# Lens for a Nikon D3100 for an Alaskan Cruise



## jbyrd_1976 (May 21, 2013)

We are leaving for an Alaskan cruise June 1-June 8.  I have dabbled around with some photography but never spent the time or money to do anything great.  I like to shoot on auto.

My sister has a Nikon D3100 with the standard lens.  I thought about buying a zoom lense to take with us since she is going to let me borrow her camera.

What would your recommend?  I want to capture the beauty of Alaska.


----------



## rip18 (May 21, 2013)

Hands down, if I could only take 1 lens on a trip like that, it'd be the new Nikon 80-400 f/4.5-5.6d Ed VR AF Zoom lens at just under $2000.00.  

This lens was just released a few months ago.  I've seen 4 of them and shot with 2 of them (on someone elses camera).  One of those was bought specifically for an Alaska trip.  I'm really impressed with this lens...  I know of a couple of pros that are getting rid of their 200 to 400 to go with the 80-400.  This lens focuses amazingly fast (for it's limitations) and is sharp.  The old 80-400 was sharp, but slow as Christmas to focus.

I wish I could share an indigo bunting in flight shot that a fellow took with this lens.  Blows my mind!

That lens along with a wider angle lens would do much of what you want on a trip like that...

That lens (in my opinion) puts the Bigma (Sigma 50-500) to shame on focusing speed & sharpness... (and it only costs twice as much).  (The 80-400 also did great when coupled with the 1.4x and 1.7x teleconverters!).

More info here:
http://www.huntsphotoandvideo.com/detail_page.cfm?ProductID=1996&cid=19&manufacturer=Nikon

That lens would hold resale value pretty well, especially if it were put back on the market quickly.  Of course you could also look into renting one from a place like www.lensrentals.com .

If you want to buy a lens & don't want to spend that much, then you might look at the Sigma 50-500 (at around $1000).

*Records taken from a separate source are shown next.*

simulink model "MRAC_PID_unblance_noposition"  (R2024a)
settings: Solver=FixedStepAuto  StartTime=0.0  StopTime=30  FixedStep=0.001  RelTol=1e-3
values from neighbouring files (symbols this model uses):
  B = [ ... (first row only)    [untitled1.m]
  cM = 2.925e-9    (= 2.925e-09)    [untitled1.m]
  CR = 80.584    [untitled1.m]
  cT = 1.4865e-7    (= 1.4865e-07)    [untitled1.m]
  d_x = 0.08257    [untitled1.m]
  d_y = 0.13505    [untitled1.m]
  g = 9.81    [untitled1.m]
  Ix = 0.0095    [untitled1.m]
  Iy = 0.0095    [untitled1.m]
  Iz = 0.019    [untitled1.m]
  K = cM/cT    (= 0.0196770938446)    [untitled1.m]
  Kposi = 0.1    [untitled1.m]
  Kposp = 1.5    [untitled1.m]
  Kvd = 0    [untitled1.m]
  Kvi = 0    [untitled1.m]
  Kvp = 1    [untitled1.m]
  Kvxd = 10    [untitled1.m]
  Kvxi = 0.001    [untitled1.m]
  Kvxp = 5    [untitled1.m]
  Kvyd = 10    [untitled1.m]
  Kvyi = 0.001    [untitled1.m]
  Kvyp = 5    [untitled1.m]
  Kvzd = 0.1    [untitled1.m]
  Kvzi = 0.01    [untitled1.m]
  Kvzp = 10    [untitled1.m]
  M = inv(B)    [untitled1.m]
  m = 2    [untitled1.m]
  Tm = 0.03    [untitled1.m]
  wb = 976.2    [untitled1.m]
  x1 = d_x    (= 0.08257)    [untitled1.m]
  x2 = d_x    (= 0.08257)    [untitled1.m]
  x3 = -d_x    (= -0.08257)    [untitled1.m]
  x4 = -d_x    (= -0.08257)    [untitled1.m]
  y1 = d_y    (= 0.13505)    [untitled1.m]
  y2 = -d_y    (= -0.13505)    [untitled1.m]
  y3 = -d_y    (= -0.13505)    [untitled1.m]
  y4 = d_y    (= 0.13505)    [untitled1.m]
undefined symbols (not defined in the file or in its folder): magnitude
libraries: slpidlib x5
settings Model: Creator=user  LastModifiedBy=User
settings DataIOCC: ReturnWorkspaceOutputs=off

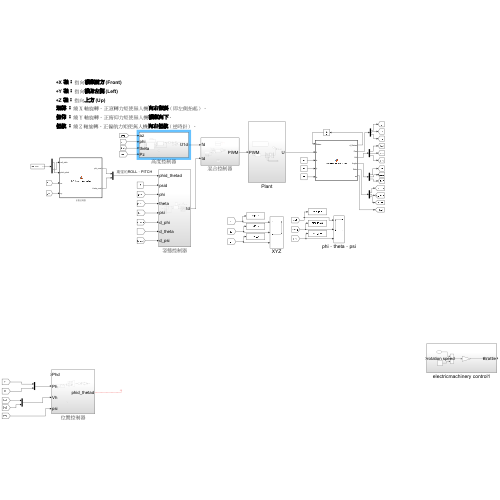
[thumbnail: Simulink's stored preview of the top-level diagram]
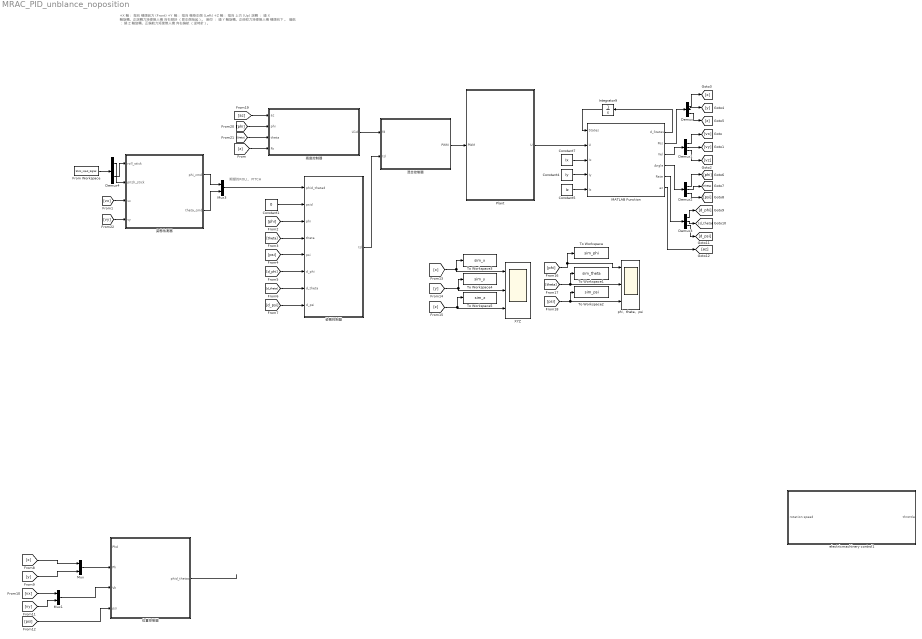
== system MRAC_PID_unblance_noposition ==
  note: +X 軸： 指向 機頭前方 (Front)
      | +Y 軸： 指向 機身左側 (Left)
      | +Z 軸： 指向 上方 (Up)
      | 滾轉 ： 繞 X 軸旋轉。正滾轉力矩使無人機 向右傾斜 （即左側抬起）。
      | 俯仰 ： 繞 Y 軸旋轉。正俯仰力矩使無人機 機頭向下 。
      | 偏航 ： 繞 Z 軸旋轉。正偏航力矩使無人機 向右偏航 （逆時針）。
  note: 期望的ROLL、PITCH
  Constant1 : Constant  Value=0
  Constant4 : Constant  Value=Iy
  Constant5 : Constant  Value=Iz
  Constant7 : Constant  Value=Ix
  Demux{,1..3} (4 alike) : Demux  Outputs=3
  Demux4 : Demux  Outputs=2
  From Workspace : FromWorkspace  VariableName=Stick_Input_Signal
  Integrator9 : Integrator  InitialCondition=zeros(12,1)
  MATLAB Function : MATLAB Function  TreatAsAtomicUnit=on
  Mux : Mux  Inputs=2
  Mux1 : Mux  Inputs=2
  Mux3 : Mux  Inputs=2
  Plant : Subsystem
  To Workspace : ToWorkspace  VariableName=sim_phi  SampleTime=-1
  To Workspace1 : ToWorkspace  VariableName=sim_theta  SampleTime=-1
  To Workspace2 : ToWorkspace  VariableName=sim_psi  SampleTime=-1
  To Workspace3 : ToWorkspace  VariableName=sim_x  SampleTime=-1
  To Workspace4 : ToWorkspace  VariableName=sim_y  SampleTime=-1
  To Workspace5 : ToWorkspace  VariableName=sim_z  SampleTime=-1
  XYZ : Scope  NumInputPorts=3
  electricmachinery control1 : Subsystem
  phi、theta、psi : Scope  NumInputPorts=3
  位置控制器 : Subsystem
  姿態估測器 : MATLAB Function  TreatAsAtomicUnit=on
  姿態控制器 : Subsystem
  混合控制器 : Subsystem
  高度控制器 : Subsystem
  wires:
  高度控制器/1(U1d) -> 混合控制器/1(fd)
  [z] -> 高度控制器/4(Pz)
  位置控制器/1(phid_thetad) -> ?
  Constant1/1 -> 姿態控制器/2(psid)
  [phi] -> 姿態控制器/3(phi)
  [theta] -> 姿態控制器/4(theta)
  [d_psi] -> 姿態控制器/8(d_psi)
  [psi] -> 姿態控制器/5(psi)
  [d_phi] -> 姿態控制器/6(d_phi)
  [d_theta] -> 姿態控制器/7(d_theta)
  姿態控制器/1(td) -> 混合控制器/2(td)
  Mux/1 -> 位置控制器/2(Ph)
  [x] -> Mux/1
  [y] -> Mux/2
  [vx] -> Mux1/1
  [vy] -> Mux1/2
  Mux1/1 -> 位置控制器/3(Vh)
  [psi] -> 位置控制器/4(psi)
  [y] -> To Workspace4/1, XYZ/2
  [x] -> To Workspace3/1, XYZ/1
  [z] -> To Workspace5/1, XYZ/3
  [phi] -> To Workspace/1, phi、theta、psi/1
  [theta] -> To Workspace1/1, phi、theta、psi/2
  [psi] -> To Workspace2/1, phi、theta、psi/3
  混合控制器/1(PWM) -> Plant/1(PWM)
  Constant5/1 -> MATLAB Function/5(Iz)
  Constant7/1 -> MATLAB Function/3(Ix)
  Constant4/1 -> MATLAB Function/4(Iy)
  MATLAB Function/1(d_States) -> Integrator9/1
  Integrator9/1 -> MATLAB Function/1(States)
  MATLAB Function/2(Pos) -> Demux/1
  Demux/1 -> [x]
  Demux/2 -> [y]
  Demux/3 -> [z]
  Demux1/2 -> [vy]
  MATLAB Function/3(Vel) -> Demux1/1
  Demux1/1 -> [vx]
  Demux1/3 -> [vz]
  MATLAB Function/4(Angle) -> Demux2/1
  Demux2/1 -> [phi]
  Demux2/2 -> [theta]
  Demux2/3 -> [psi]
  Demux3/1 -> [d_phi]
  Demux3/2 -> [d_theta]
  Demux3/3 -> [d_psi]
  MATLAB Function/5(Rate) -> Demux3/1
  Plant/1(U) -> MATLAB Function/2(U)
  姿態估測器/1(phi_cmd) -> Mux3/1
  Mux3/1 -> 姿態控制器/1(phid_thetad)
  MATLAB Function/6(az) -> [az]
  [az] -> 高度控制器/1(az)
  [phi] -> 高度控制器/2(phi)
  [theta] -> 高度控制器/3(theta)
  From Workspace/1 -> Demux4/1
  Demux4/1 -> 姿態估測器/2(pitch_stick)
  Demux4/2 -> 姿態估測器/1(roll_stick)
  [vx] -> 姿態估測器/3(vx)
  [vy] -> 姿態估測器/4(vy)
  姿態估測器/2(theta_cmd) -> Mux3/2

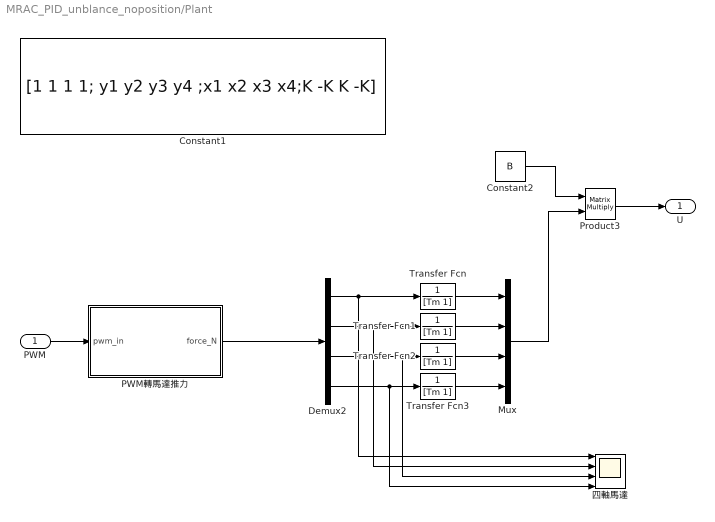
== system MRAC_PID_unblance_noposition/Plant ==
  PWM : Inport
  Constant1 : Constant  Value=[1 1 1 1; y1 y2 y3 y4 ;x1 x2 x3 x4;K -K K -K]
  Constant2 : Constant  Value=B
  Demux2 : Demux
  Mux : Mux
  PWM轉馬達推力 : MATLAB Function  TreatAsAtomicUnit=on
  Product3 : Product  Multiplication=Matrix(*)
  Transfer Fcn{,1..3} (4 alike) : TransferFcn  Denominator=[Tm 1]
  四軸馬達 : Scope  NumInputPorts=4
  U : Outport
  wires:
  Product3/1 -> U/1
  PWM/1 -> PWM轉馬達推力/1(pwm_in)
  Demux2/2 -> Transfer Fcn1/1, 四軸馬達/2
  Demux2/3 -> Transfer Fcn2/1, 四軸馬達/3
  PWM轉馬達推力/1(force_N) -> Demux2/1
  Demux2/4 -> 四軸馬達/4, Transfer Fcn3/1
  Demux2/1 -> Transfer Fcn/1, 四軸馬達/1
  Transfer Fcn1/1 -> Mux/2
  Transfer Fcn/1 -> Mux/1
  Transfer Fcn2/1 -> Mux/3
  Transfer Fcn3/1 -> Mux/4
  Mux/1 -> Product3/2
  Constant2/1 -> Product3/1

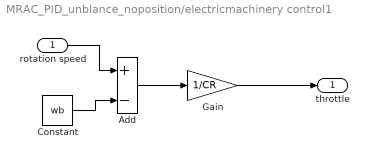
== system MRAC_PID_unblance_noposition/electricmachinery control1 ==
  rotation speed : Inport
  Add : Sum  Inputs=+-
  Constant : Constant  Value=wb
  Gain : Gain  Gain=1/CR
  throttle : Outport
  wires:
  Add/1 -> Gain/1
  rotation speed/1 -> Add/1
  Constant/1 -> Add/2
  Gain/1 -> throttle/1

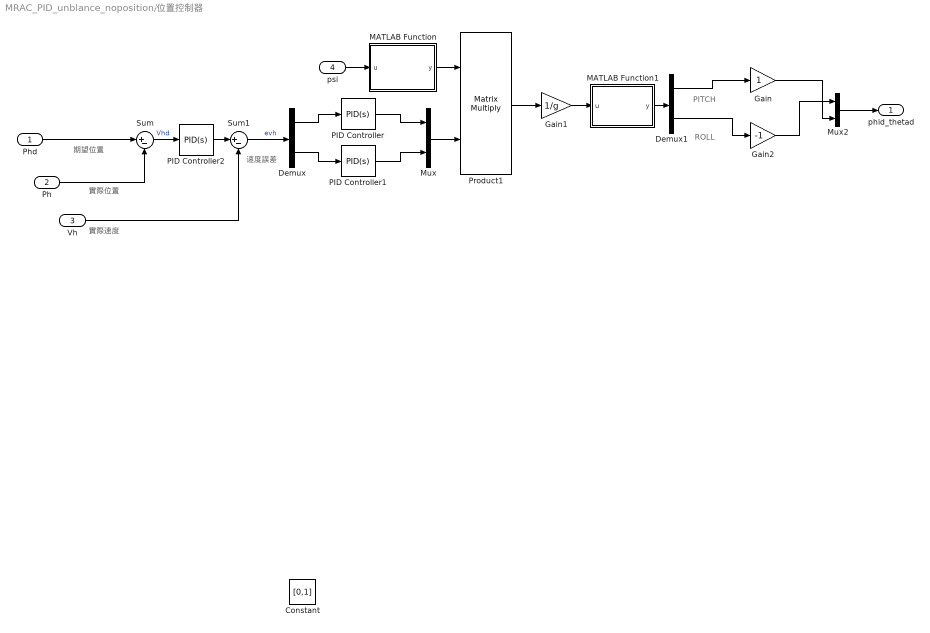
== system MRAC_PID_unblance_noposition/位置控制器 ==
  note: ROLL
  note: 期望位置
  note: 實際位置
  note: 實際速度
  note: 速度誤差
  note: PITCH
  Phd : Inport
  Ph : Inport  Port=2
  Vh : Inport  Port=3
  psi : Inport  Port=4
  Constant : Constant  Value=[0,1]
  Demux : Demux  Outputs=2
  Demux1 : Demux  Outputs=2
  Gain : Gain
  Gain1 : Gain  Gain=1/g
  Gain2 : Gain  Gain=-1
  MATLAB Function : MATLAB Function  TreatAsAtomicUnit=on
  MATLAB Function1 : MATLAB Function  TreatAsAtomicUnit=on
  Mux : Mux  Inputs=2
  Mux2 : Mux  Inputs=2
  PID Controller : slpidlib/PID Controller  Controller=PID  Form=Parallel  TimeDomain=Continuous-time  UseExternalTs=off  SampleTime=-1  IntegratorMethod=Forward Euler  FilterMethod=Forward Euler  ControllerParametersSource=internal  P=Kvxp  I=Kvxi  UseKiTs=off  D=Kvxd  UseExternalDerivativeSource=off  N=100  UseFilter=on  TunerSelectOption=Transfer Function Based (PID Tuner App)  InitialConditionSource=internal  InitialConditionForIntegrator=0  InitialConditionForFilter=0  DifferentiatorICPrevScaledInput=0  ExternalReset=none  TrackingMode=off  Kt=1  LimitOutput=off  SatLimitsSource=internal  UpperSaturationLimit=inf  LowerSaturationLimit=-inf  LinearizeAsGain=on  AntiWindupMode=none  Kb=1  LimitIntegrator=off  UpperIntegratorSaturationLimit=inf  LowerIntegratorSaturationLimit=-inf  POutMin=[]  POutMax=[]  IOutMin=[]  IOutMax=[]  DOutMin=[]  DOutMax=[]  NOutMin=[]  NOutMax=[]  SumOutMin=[]  SumOutMax=[]  SaturationOutMin=[]  SaturationOutMax=[]  PParamMin=[]  PParamMax=[]  IParamMin=[]  IParamMax=[]  DParamMin=[]  DParamMax=[]  NParamMin=[]  NParamMax=[]  KbParamMin=[]  KbParamMax=[]  KtParamMin=[]  KtParamMax=[]  KbOutMin=[]  KbOutMax=[]  KtOutMin=[]  KtOutMax=[]  IntegratorOutMin=[]  IntegratorOutMax=[]  FilterOutMin=[]  FilterOutMax=[]  SumI1OutMin=[]  SumI1OutMax=[]  SumI2OutMin=[]  SumI2OutMax=[]  SumI3OutMin=[]  SumI3OutMax=[]  SumI4OutMin=[]  SumI4OutMax=[]  SumDOutMin=[]  SumDOutMax=[]  DifferentiatorOutMin=[]  DifferentiatorOutMax=[]  FilterDiffOutCoefMin=[]  FilterDiffOutCoefMax=[]  ReciprocalOutMin=[]  ReciprocalOutMax=[]  SumDenOutMin=[]  SumDenOutMax=[]  SumNumOutMin=[]  SumNumOutMax=[]  DivideOutMin=[]  DivideOutMax=[]  UdiffTsProdOutMin=[]  UdiffTsProdOutMax=[]  NTsProdOutMin=[]  NTsProdOutMax=[]  UintegralTsProdOutMin=[]  UintegralTsProdOutMax=[]  UngainTsProdOutMin=[]  UngainTsProdOutMax=[]  ClampingZeroOutDataTypeStr=Inherit: Inherit via back propagation  ClampingZeroOutMin=[]  ClampingZeroOutMax=[]  FilterDenConstantOutDataTypeStr=Inherit: Inherit via back propagation  FilterDenConstantOutMin=[]  FilterDenConstantOutMax=[]  PCopyOutDataTypeStr=Inherit: Inherit via back propagation  PCopyOutMin=[]  PCopyOutMax=[]  NCopyOutDataTypeStr=Inherit: Inherit via back propagation  NCopyOutMin=[]  NCopyOutMax=[]  IntegratorContinuousStateAttributes=''  IntegratorStateMustResolveToSignalObject=off  IntegratorRTWStateStorageClass=Auto  FilterContinuousStateAttributes=''  FilterStateMustResolveToSignalObject=off  FilterRTWStateStorageClass=Auto  ParallelPVariant=InternalParameters  IdealPVariant=Disabled  IVariant=InternalParameters  DVariant=InternalParameters  IntegratorVariant=Continuous  SatVariant=Disabled  AWVariant=Passthrough  PCopyVariant=Disabled  TRVariant=Disabled  FdbkBlocksVariant=Forward  IdealPFdbkVariant=Disabled  SatFdbkVariant=Disabled  DerivativeFilterVariant=ContFilter  NVariant=InternalParameters  NCopyVariant=Disabled  FilterICVariant=InternalICsFilter  IntegratorICVariant=InternalICs  ExternalResetVariant=Disabled  TRSumVariant=Passthrough  SumFdbkVariant=Disabled  SumVariant=Sum_PID  TsampFilterVariant=InternalTs  TsampNgainVariant=Passthrough  TsampIntegralVariant=Disabled_SignalSpec  ExternalSaturationOutDataTypeStr=Inherit: Same as second input  DerivativeSourceVariant=ErrorSignal
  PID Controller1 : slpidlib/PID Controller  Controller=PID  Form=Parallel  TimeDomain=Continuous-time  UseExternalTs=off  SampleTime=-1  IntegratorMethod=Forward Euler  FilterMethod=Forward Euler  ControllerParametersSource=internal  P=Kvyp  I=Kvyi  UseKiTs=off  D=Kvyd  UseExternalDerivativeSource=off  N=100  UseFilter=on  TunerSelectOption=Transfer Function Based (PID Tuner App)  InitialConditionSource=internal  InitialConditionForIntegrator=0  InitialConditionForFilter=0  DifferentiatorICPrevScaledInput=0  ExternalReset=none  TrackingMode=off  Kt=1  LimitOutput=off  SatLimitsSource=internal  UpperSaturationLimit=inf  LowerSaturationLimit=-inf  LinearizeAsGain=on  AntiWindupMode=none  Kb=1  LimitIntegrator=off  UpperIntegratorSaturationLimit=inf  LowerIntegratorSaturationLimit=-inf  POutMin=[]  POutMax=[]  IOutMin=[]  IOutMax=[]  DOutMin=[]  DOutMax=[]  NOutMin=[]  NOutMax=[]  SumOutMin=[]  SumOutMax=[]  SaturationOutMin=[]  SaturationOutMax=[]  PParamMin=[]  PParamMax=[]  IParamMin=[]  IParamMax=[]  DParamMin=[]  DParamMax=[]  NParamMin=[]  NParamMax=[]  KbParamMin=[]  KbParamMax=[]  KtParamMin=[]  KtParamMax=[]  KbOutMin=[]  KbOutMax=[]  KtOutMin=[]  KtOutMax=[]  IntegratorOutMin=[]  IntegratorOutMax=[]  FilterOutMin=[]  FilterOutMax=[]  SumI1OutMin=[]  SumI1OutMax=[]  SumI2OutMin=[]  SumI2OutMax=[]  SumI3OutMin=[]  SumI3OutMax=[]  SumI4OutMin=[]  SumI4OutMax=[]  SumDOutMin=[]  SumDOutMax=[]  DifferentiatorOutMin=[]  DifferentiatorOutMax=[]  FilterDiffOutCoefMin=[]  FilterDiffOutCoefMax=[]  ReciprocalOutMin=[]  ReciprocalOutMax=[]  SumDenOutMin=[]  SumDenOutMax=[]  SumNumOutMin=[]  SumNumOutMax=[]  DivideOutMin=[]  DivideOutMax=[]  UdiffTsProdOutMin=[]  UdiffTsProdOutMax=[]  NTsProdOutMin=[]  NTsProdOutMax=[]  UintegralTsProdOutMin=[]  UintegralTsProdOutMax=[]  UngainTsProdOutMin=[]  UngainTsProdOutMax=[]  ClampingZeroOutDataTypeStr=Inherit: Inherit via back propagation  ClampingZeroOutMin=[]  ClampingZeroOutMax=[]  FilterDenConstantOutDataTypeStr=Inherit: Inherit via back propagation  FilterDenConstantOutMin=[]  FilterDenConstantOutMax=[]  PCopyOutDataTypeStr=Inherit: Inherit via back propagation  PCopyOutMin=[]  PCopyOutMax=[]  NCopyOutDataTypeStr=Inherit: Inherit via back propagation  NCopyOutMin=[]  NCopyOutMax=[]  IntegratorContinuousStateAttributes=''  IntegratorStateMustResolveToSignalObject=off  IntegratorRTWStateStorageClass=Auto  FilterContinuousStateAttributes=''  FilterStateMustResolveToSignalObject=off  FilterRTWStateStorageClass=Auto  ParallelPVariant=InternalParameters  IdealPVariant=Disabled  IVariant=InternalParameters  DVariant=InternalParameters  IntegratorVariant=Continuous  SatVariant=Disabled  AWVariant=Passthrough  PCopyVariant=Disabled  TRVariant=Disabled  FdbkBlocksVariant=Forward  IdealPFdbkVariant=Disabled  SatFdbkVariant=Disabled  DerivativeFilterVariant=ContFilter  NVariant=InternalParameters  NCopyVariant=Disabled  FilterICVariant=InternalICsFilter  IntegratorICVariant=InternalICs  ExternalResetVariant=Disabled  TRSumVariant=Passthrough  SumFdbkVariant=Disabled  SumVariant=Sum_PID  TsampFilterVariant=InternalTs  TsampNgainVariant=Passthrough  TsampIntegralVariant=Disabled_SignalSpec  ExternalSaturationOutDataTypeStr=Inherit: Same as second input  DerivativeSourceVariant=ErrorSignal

Or for much less than that, pick up a 70-300 (but you won't get nearly as many cool & upclose shots with that lens as you would with one of the other two...).

Both of those other lenses are available for rental as well...

Good luck!  Hope you have a great time in Alaska & bring back lots of great shots!


----------



## cre8foru (May 22, 2013)

I thought this lens was closer to $3000. Did the price drop?
Nikon 80-400 f/4.5-5.6d Ed VR AF 





rip18 said:


> Hands down, if I could only take 1 lens on a trip like that, it'd be the new Nikon 80-400 f/4.5-5.6d Ed VR AF Zoom lens at just under $2000.00.
> 
> This lens was just released a few months ago.  I've seen 4 of them and shot with 2 of them (on someone elses camera).  One of those was bought specifically for an Alaska trip.  I'm really impressed with this lens...  I know of a couple of pros that are getting rid of their 200 to 400 to go with the 80-400.  This lens focuses amazingly fast (for it's limitations) and is sharp.  The old 80-400 was sharp, but slow as Christmas to focus.
> 
> ...


----------



## rip18 (May 22, 2013)

cre8foru said:


> I thought this lens was closer to $3000. Did the price drop?
> Nikon 80-400 f/4.5-5.6d Ed VR AF



Apparently so... Right at $3000 was the suggested retail price, but the link in my post above was from Hunt's where the price is just under $2000...  Repeated again here:  http://www.huntsphotoandvideo.com/detail_page.cfm?ProductID=1996&cid=19&manufacturer=Nikon

Of course it is out of stock at that price...


----------



## Hoss (May 22, 2013)

Sounds like Rip has you pointed the right direction.  On a trip like that, you definitely want something with some reach.

Hoss


----------



## rip18 (May 22, 2013)

Closer to $3000 was right, cre8foru!  I left the -S out of my search (as in internal, silent-wave motor)...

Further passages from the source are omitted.